World Coordinate Frame (WCF): A global, fixed coordinate frame.
Robot Coordinate Frame (RCF): A coordinate frame attached to the robot. Its origin is typically at the robot’s center, and its orientation changes as the robot rotates.
Transformations: We need to be able to transform measurements between the RCF and the WCF. The lecture introduces the notation w2r(m, x_t) to represent a transformation from the world coordinate frame to the robot coordinate frame, and r2w(z,x_t) to represent a transformation from the robot coordinate frame to world frame.
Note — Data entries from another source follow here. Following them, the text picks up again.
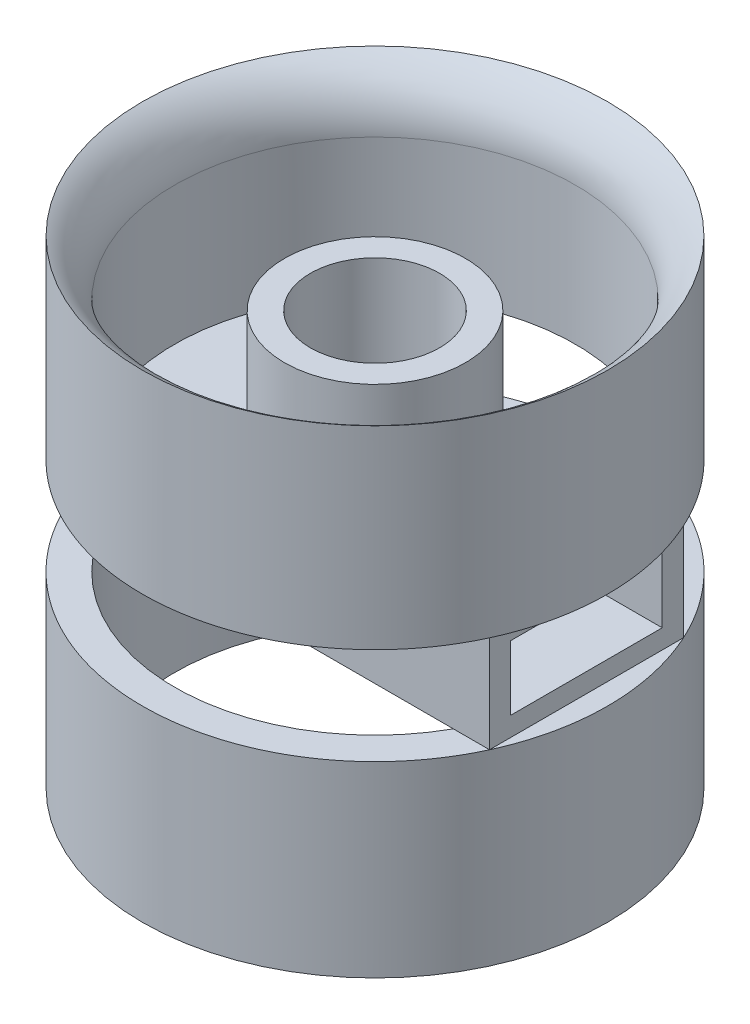
ISO-10303-21;
HEADER;
FILE_DESCRIPTION(('STEP AP214'),'2;1');
FILE_NAME('part.step','',(''),(''),'','','');
FILE_SCHEMA(('AUTOMOTIVE_DESIGN { 1 0 10303 214 1 1 1 1 }'));
ENDSEC;
DATA;
#1=APPLICATION_CONTEXT('core data for automotive mechanical design processes');
#2=APPLICATION_PROTOCOL_DEFINITION('international standard','automotive_design',2000,#1);
#3=PRODUCT_CONTEXT('',#1,'mechanical');
#4=PRODUCT('Part','Part','',(#3));
#5=PRODUCT_RELATED_PRODUCT_CATEGORY('part','',(#4));
#6=PRODUCT_DEFINITION_FORMATION('','',#4);
#7=PRODUCT_DEFINITION_CONTEXT('part definition',#1,'design');
#8=PRODUCT_DEFINITION('design','',#6,#7);
#9=PRODUCT_DEFINITION_SHAPE('','',#8);
#10=(LENGTH_UNIT() NAMED_UNIT(*) SI_UNIT(.MILLI.,.METRE.));
#11=(NAMED_UNIT(*) PLANE_ANGLE_UNIT() SI_UNIT($,.RADIAN.));
#12=(NAMED_UNIT(*) SI_UNIT($,.STERADIAN.) SOLID_ANGLE_UNIT());
#13=UNCERTAINTY_MEASURE_WITH_UNIT(LENGTH_MEASURE(1.E-05),#10,'distance_accuracy_value','');
#14=(GEOMETRIC_REPRESENTATION_CONTEXT(3) GLOBAL_UNCERTAINTY_ASSIGNED_CONTEXT((#13)) GLOBAL_UNIT_ASSIGNED_CONTEXT((#10,
#11,#12)) REPRESENTATION_CONTEXT('',''));
#15=CARTESIAN_POINT('',(0.,0.,0.));
#16=DIRECTION('',(0.,0.,1.));
#17=DIRECTION('',(1.,0.,0.));
#18=AXIS2_PLACEMENT_3D('',#15,#16,#17);
#19=CARTESIAN_POINT('',(0.,30.,0.));
#20=DIRECTION('',(0.,-1.,0.));
#21=DIRECTION('',(0.,0.,-1.));
#22=AXIS2_PLACEMENT_3D('',#19,#20,#21);
#23=CYLINDRICAL_SURFACE('',#22,36.);
#24=CARTESIAN_POINT('',(0.,30.,0.));
#25=DIRECTION('',(0.,1.,0.));
#26=DIRECTION('',(0.,0.,1.));
#27=AXIS2_PLACEMENT_3D('',#24,#25,#26);
#28=CIRCLE('',#27,36.);
#29=CARTESIAN_POINT('',(0.,30.,36.));
#30=VERTEX_POINT('',#29);
#31=EDGE_CURVE('E228',#30,#30,#28,.T.);
#32=ORIENTED_EDGE('',*,*,#31,.F.);
#33=EDGE_LOOP('',(#32));
#34=FACE_BOUND('',#33,.T.);
#35=CARTESIAN_POINT('',(0.,0.,0.));
#36=DIRECTION('',(0.,1.,0.));
#37=DIRECTION('',(0.,0.,1.));
#38=AXIS2_PLACEMENT_3D('',#35,#36,#37);
#39=CIRCLE('',#38,36.);
#40=CARTESIAN_POINT('',(0.,0.,36.));
#41=VERTEX_POINT('',#40);
#42=EDGE_CURVE('E226',#41,#41,#39,.T.);
#43=ORIENTED_EDGE('',*,*,#42,.T.);
#44=EDGE_LOOP('',(#43));
#45=FACE_BOUND('',#44,.T.);
#46=ADVANCED_FACE('F33',(#34,#45),#23,.T.);
#47=CARTESIAN_POINT('',(0.,0.,0.));
#48=DIRECTION('',(0.,1.,0.));
#49=DIRECTION('',(0.,0.,1.));
#50=AXIS2_PLACEMENT_3D('',#47,#48,#49);
#51=PLANE('',#50);
#52=CARTESIAN_POINT('',(0.,0.,0.));
#53=DIRECTION('',(0.,1.,0.));
#54=DIRECTION('',(0.,0.,1.));
#55=AXIS2_PLACEMENT_3D('',#52,#53,#54);
#56=CIRCLE('',#55,31.);
#57=CARTESIAN_POINT('',(27.1293199325011,0.,-15.));
#58=VERTEX_POINT('',#57);
#59=CARTESIAN_POINT('',(-27.1293199325011,0.,-15.));
#60=VERTEX_POINT('',#59);
#61=EDGE_CURVE('E227',#58,#60,#56,.T.);
#62=ORIENTED_EDGE('',*,*,#61,.T.);
#63=DIRECTION('',(-1.,0.,0.));
#64=VECTOR('',#63,1.);
#65=CARTESIAN_POINT('',(-32.7237421934683,0.,-15.));
#66=LINE('',#65,#64);
#67=CARTESIAN_POINT('',(-32.7237421934683,0.,-15.));
#68=VERTEX_POINT('',#67);
#69=EDGE_CURVE('E208',#60,#68,#66,.T.);
#70=ORIENTED_EDGE('',*,*,#69,.T.);
#71=DIRECTION('',(0.,0.,1.));
#72=VECTOR('',#71,1.);
#73=CARTESIAN_POINT('',(-32.7237421934683,0.,-15.));
#74=LINE('',#73,#72);
#75=CARTESIAN_POINT('',(-32.7237421934683,0.,15.));
#76=VERTEX_POINT('',#75);
#77=EDGE_CURVE('E207',#68,#76,#74,.T.);
#78=ORIENTED_EDGE('',*,*,#77,.T.);
#79=DIRECTION('',(1.,0.,0.));
#80=VECTOR('',#79,1.);
#81=CARTESIAN_POINT('',(-32.7237421934683,0.,15.));
#82=LINE('',#81,#80);
#83=CARTESIAN_POINT('',(-27.1293199325011,0.,15.));
#84=VERTEX_POINT('',#83);
#85=EDGE_CURVE('E212',#76,#84,#82,.T.);
#86=ORIENTED_EDGE('',*,*,#85,.T.);
#87=CARTESIAN_POINT('',(27.1293199325011,0.,15.));
#88=VERTEX_POINT('',#87);
#89=EDGE_CURVE('E218',#84,#88,#56,.T.);
#90=ORIENTED_EDGE('',*,*,#89,.T.);
#91=CARTESIAN_POINT('',(32.7237421934683,0.,15.));
#92=VERTEX_POINT('',#91);
#93=EDGE_CURVE('E215',#88,#92,#82,.T.);
#94=ORIENTED_EDGE('',*,*,#93,.T.);
#95=DIRECTION('',(0.,0.,-1.));
#96=VECTOR('',#95,1.);
#97=CARTESIAN_POINT('',(32.7237421934683,0.,-15.));
#98=LINE('',#97,#96);
#99=CARTESIAN_POINT('',(32.7237421934683,0.,-15.));
#100=VERTEX_POINT('',#99);
#101=EDGE_CURVE('E199',#92,#100,#98,.T.);
#102=ORIENTED_EDGE('',*,*,#101,.T.);
#103=EDGE_CURVE('E204',#100,#58,#66,.T.);
#104=ORIENTED_EDGE('',*,*,#103,.T.);
#105=EDGE_LOOP('',(#62,#70,#78,#86,#90,#94,#102,#104));
#106=FACE_BOUND('',#105,.T.);
#107=ORIENTED_EDGE('',*,*,#42,.F.);
#108=EDGE_LOOP('',(#107));
#109=FACE_BOUND('',#108,.T.);
#110=ADVANCED_FACE('F251',(#106,#109),#51,.F.);
#111=CARTESIAN_POINT('',(0.,0.,0.));
#112=DIRECTION('',(0.,1.,0.));
#113=DIRECTION('',(0.,0.,1.));
#114=AXIS2_PLACEMENT_3D('',#111,#112,#113);
#115=CYLINDRICAL_SURFACE('',#114,31.);
#116=CARTESIAN_POINT('',(0.,21.3397459621556,0.));
#117=DIRECTION('',(0.,1.,0.));
#118=DIRECTION('',(0.,0.,1.));
#119=AXIS2_PLACEMENT_3D('',#116,#117,#118);
#120=CIRCLE('',#119,31.);
#121=CARTESIAN_POINT('',(0.,21.3397459621556,31.));
#122=VERTEX_POINT('',#121);
#123=EDGE_CURVE('E231',#122,#122,#120,.T.);
#124=ORIENTED_EDGE('',*,*,#123,.T.);
#125=EDGE_LOOP('',(#124));
#126=FACE_BOUND('',#125,.T.);
#127=EDGE_CURVE('E224',#88,#58,#56,.T.);
#128=ORIENTED_EDGE('',*,*,#127,.F.);
#129=ORIENTED_EDGE('',*,*,#89,.F.);
#130=EDGE_CURVE('E248',#60,#84,#56,.T.);
#131=ORIENTED_EDGE('',*,*,#130,.F.);
#132=ORIENTED_EDGE('',*,*,#61,.F.);
#133=EDGE_LOOP('',(#128,#129,#131,#132));
#134=FACE_BOUND('',#133,.T.);
#135=ADVANCED_FACE('F255',(#126,#134),#115,.F.);
#136=CARTESIAN_POINT('',(0.,21.3397459621556,0.));
#137=DIRECTION('',(0.,1.,0.));
#138=DIRECTION('',(0.,0.,1.));
#139=AXIS2_PLACEMENT_3D('',#136,#137,#138);
#140=TOROIDAL_SURFACE('',#139,41.,10.);
#141=ORIENTED_EDGE('',*,*,#31,.T.);
#142=EDGE_LOOP('',(#141));
#143=FACE_BOUND('',#142,.T.);
#144=ORIENTED_EDGE('',*,*,#123,.F.);
#145=EDGE_LOOP('',(#144));
#146=FACE_BOUND('',#145,.T.);
#147=ADVANCED_FACE('F35',(#143,#146),#140,.T.);
#148=CARTESIAN_POINT('',(32.7237421934683,-15.,-15.));
#149=DIRECTION('',(1.,0.,0.));
#150=DIRECTION('',(0.,0.,-1.));
#151=AXIS2_PLACEMENT_3D('',#148,#149,#150);
#152=PLANE('',#151);
#153=DIRECTION('',(0.,-1.,0.));
#154=VECTOR('',#153,1.);
#155=CARTESIAN_POINT('',(32.7237421934683,-15.,11.725));
#156=LINE('',#155,#154);
#157=CARTESIAN_POINT('',(32.7237421934683,-2.02034535171655,11.725));
#158=VERTEX_POINT('',#157);
#159=CARTESIAN_POINT('',(32.7237421934683,-12.0203453517165,11.725));
#160=VERTEX_POINT('',#159);
#161=EDGE_CURVE('E203',#158,#160,#156,.T.);
#162=ORIENTED_EDGE('',*,*,#161,.F.);
#163=DIRECTION('',(0.,0.,1.));
#164=VECTOR('',#163,1.);
#165=CARTESIAN_POINT('',(32.7237421934683,-2.02034535171655,-15.));
#166=LINE('',#165,#164);
#167=CARTESIAN_POINT('',(32.7237421934683,-2.02034535171655,-11.725));
#168=VERTEX_POINT('',#167);
#169=EDGE_CURVE('E279',#168,#158,#166,.T.);
#170=ORIENTED_EDGE('',*,*,#169,.F.);
#171=DIRECTION('',(0.,1.,0.));
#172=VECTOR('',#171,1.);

These transformations involve both translation and rotation.

Summary of Key Takeaways

Probabilistic Framework: Localization and SLAM can be effectively formulated as MAP estimation problems within a probabilistic framework.
Factor Graphs: Factor graphs are a powerful way to represent the structure of the probabilistic model and the dependencies between variables.
Mechanical Analogy: The spring analogy provides a very helpful intuition for understanding how different measurements and constraints are fused.
Nonlinear Optimization: The resulting optimization problem is often nonlinear due to rotations and nonlinear motion models, requiring iterative optimization techniques.
Coordinate Frames: Careful consideration of coordinate frames (robot vs. world) and transformations between them is essential.
Approximations: The “move then turn” motion model is a simplification, but it’s often sufficient for small time steps.
Ambiguity: When landmark positions are unknown, there’s an ambiguity that needs to be resolved by fixing a reference point or adding a prior.
ICP: ICP is a powerful tool for aligning point clouds even without known correspondences.
Point-to-Point vs Point-to-Plane: The choice depends on the environment and sensor data characteristics.